Search code examples
snakemake

Wildcard SyntaxError in Snakemake with no obvious cause


I keep getting an error about a rule not having the same wildcards in its output rules and I can't figure out what the source of the error might be:

SyntaxError:
Not all output, log and benchmark files of rule bcftools_filter contain the same wildcards. This is crucial though, in order to avoid that two or more jobs write to the same file.

...

rule merge_YRI_GTEx:
    input:
        kg=expand("kg_vcf/1kg_yri_chr{q}.vcf.gz", q=range(1,23)),
        gtex=expand("gtex_vcf/gtex_chr{v}.snps.recode.vcf.gz", v=range(1, 23))
    output:
        "merged/merged_chr{i}.vcf.gz"
    shell:
        "bcftools merge \
            -0 \
            -O z \
            -o {output} \
            {input.kg} \
            {input.gtex}"


rule bcftools_filter:
    input:
        expand("merged/merged_chr{i}.vcf.gz", i=range(1,23))
    output:
        filt="filtered_vcf/merged_filtered_chr{i}.vcf.gz",
        chk=touch(".bcftools_filter.chkpnt")
    threads:
        4
    shell:
        "bcftools filter \
            --include 'AN=1890 && AC > 0' \
            --threads {threads} \
            -O z \
            -o {output.filt} \
            {input}"
...
rule list_merged_filtered_vcfs:
    input:
        ".bcftools_filter.chkpnt"
    output:
        "processed_vcf_list.txt"
    shell:
        "for i in {{1..22}}; do \ "
        "echo \"{config[sprime_dir]}/filtered_vcf/merged_filtered_chr${{i}}.vcf.gz\" >> \
        {output}; done"

The specific line it's complaining about is the one that's just "bcftools filter \ which is even more dumbfounding to me. I've tried giving names to the input wildcard and even scrutinizing the rule which calls bcftools_filter's output as well as the rule which produces bcftools_filter's input to no avail. Not sure what is giving me this error.


Solution

  • I think the error comes from chk=touch(".bcftools_filter.chkpnt") not containing the wildcard {i}.

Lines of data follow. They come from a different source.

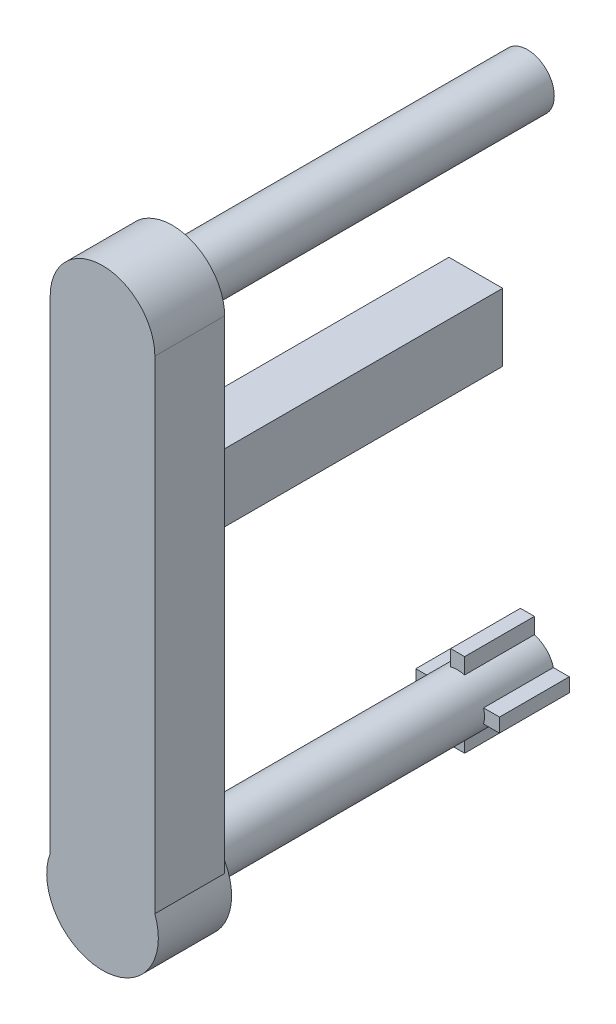
SolidWorks part; units mm, degrees
ref_plane "Piano frontale" through (0, 0, 0) normal (0, 0, 1) x (1, 0, 0)
ref_plane "Piano superiore" through (0, 0, 0) normal (0, 1, 0) x (1, 0, 0)
ref_plane "Piano destro" through (0, 0, 0) normal (1, 0, 0) x (0, 0, -1)
other "Graphic1"
other "Graphic (Closed) -1"
sketch "Sketch1" plane through (0, 0, 0) normal (0, 0, 1) x (1, 0, 0)
  circle A0 centre (0, 0) radius 20.1563
  circle A1 centre (0, 0) radius 8
  dimension "D1" = 16
extrude "Boss-Extrude1" add sketch "Sketch1" against normal blind 10.5 contours A1
sketch "Sketch2" plane through (0, 0, -10.5) normal (0, 0, -1) x (-1, 0, 0)
  circle A0 centre (0, 0) radius 3.85
  dimension "D1" = 7.7
extrude "Boss-Extrude2" add sketch "Sketch2" along normal blind 60
sketch "Sketch3" plane through (0, 0, -70.5) normal (0, 0, -1) x (-1, 0, 0)
  line L0 (-6, 1) -> (-1, 1)
  line L1 (-1, 6) -> (1, 6)
  line L4 (0, 6) -> (0, 0) construction
  line L5 (6, 1) -> (6, -1)
  line L6 (1, -6) -> (-1, -6)
  line L7 (-6, -1) -> (-6, 1)
  line L8 (-1, 1) -> (-1, 6)
  line L9 (1, 6) -> (1, 1)
  line L10 (1, 1) -> (6, 1)
  line L11 (6, -1) -> (1, -1)
  line L12 (1, -1) -> (1, -6)
  line L13 (-1, -6) -> (-1, -1)
  line L14 (-1, -1) -> (-6, -1)
  point P16 (0, 0)
  dimension "D1" = 1
  dimension "D2" = 6
  dimension "D3" = 4
extrude "Boss-Extrude3" add sketch "Sketch3" against normal blind 10 from offset 9.6 offset against normal yes
sketch "Sketch6" plane through (0, 0, -70.5) normal (0, 0, -1) x (-1, 0, 0)
  circle A1 centre (0, 0) radius 3.85
  circle A2 centre (0, 0) radius 3.85
  dimension "D1" = 0
extrude "Cut-Extrude1" cut sketch "Sketch6" against normal up to surface (9.6 mm away) up to face at (4.892, 0, -60.9)
sketch "Sketch7" plane through (0, 0, 0) normal (0, 0, 1) x (1, 0, 0)
  line L0 (0, 0) -> (0, 72) construction
  line L1 (-7.5, 72) -> (-7.5, 2.7839)
  line L2 (7.5, 72) -> (7.5, 2.7839)
  line L3 (7.5, 2.7839) -> (-7.5, 2.7839)
  arc A0 (7.5, 72) -> (-7.5, 72) centre (0, 72) ccw
  circle A2 centre (0, 0) radius 8 construction
  dimension "D2" = 7.5
  dimension "D1" = 72
  dimension "D3" = 15
extrude "Boss-Extrude4" add sketch "Sketch7" against normal blind 10
sketch "Sketch8" plane through (0, 0, -10) normal (0, 0, -1) x (-1, 0, 0)
  circle A0 centre (0, 72) radius 4.5
  dimension "D1" = 9
extrude "Boss-Extrude5" add sketch "Sketch8" along normal blind 0.5
sketch "Sketch9" plane through (0, 0, -10.5) normal (0, 0, -1) x (-1, 0, 0)
  circle A0 centre (0, 72) radius 3.85
  dimension "D1" = 7.7
extrude "Boss-Extrude6" add sketch "Sketch9" along normal up to surface (50.4 mm away) up to face at (0, 0, -60.9)
sketch "Sketch10" plane through (0, 0, 0) normal (0, 0, 1) x (1, 0, 0)
  circle A0 centre (0, 0) radius 22.5
  point P4 (-80.9181, -216.2945)
  dimension "D1" = 45
sketch "Sketch11" plane through (0, 0, -10) normal (0, 0, -1) x (-1, 0, 0)
  line L0 (-4, 42) -> (-4, 52) construction
  line L1 (-4, 52) -> (3.9994, 52) construction
  line L2 (3.9994, 52) -> (3.9994, 42) construction
  line L3 (3.9994, 42) -> (-4, 42) construction
  line L4 (-4, 42) -> (-4, 52) construction
  line L5 (-4, 52) -> (3.9994, 52) construction
  line L6 (3.9994, 52) -> (3.9994, 42) construction
  line L7 (3.9994, 42) -> (-4, 42) construction
  line L8 (-3.85, 42.15) -> (-3.85, 51.85)
  line L9 (-3.85, 51.85) -> (3.8494, 51.85)
  line L10 (3.8494, 51.85) -> (3.8494, 42.15)
  line L11 (3.8494, 42.15) -> (-3.85, 42.15)
  dimension "D1" = 0.15
extrude "Boss-Extrude7" add sketch "Sketch11" along normal up to surface (43.5 mm away)
sketch "Sketch12" plane through (0, 0, -53.5) normal (0, 0, -1) x (-1, 0, 0)
  circle A0 centre (-0.0003, 47) radius 1.75 construction
  circle A1 centre (-0.0003, 47) radius 1.75
extrude "Cut-Extrude2" cut sketch "Sketch12" against normal blind 10

    Apart from that, I'm not sure you rule is very sensible. You are passing to bcftools filter a list of input files (from expand(...)) but I don't think bcftools filter accept more than one input file. Also, your rule will create output files filtered_vcf/merged_filtered_chr{i}.vcf.gz (one for each value of i) using the same list of input files. Are you sure you want expand("merged/merged_chr{i}.vcf.gz", i=range(1,23)) instead of just "merged/merged_chr{i}.vcf.gz", with values for i given somewhere upstream?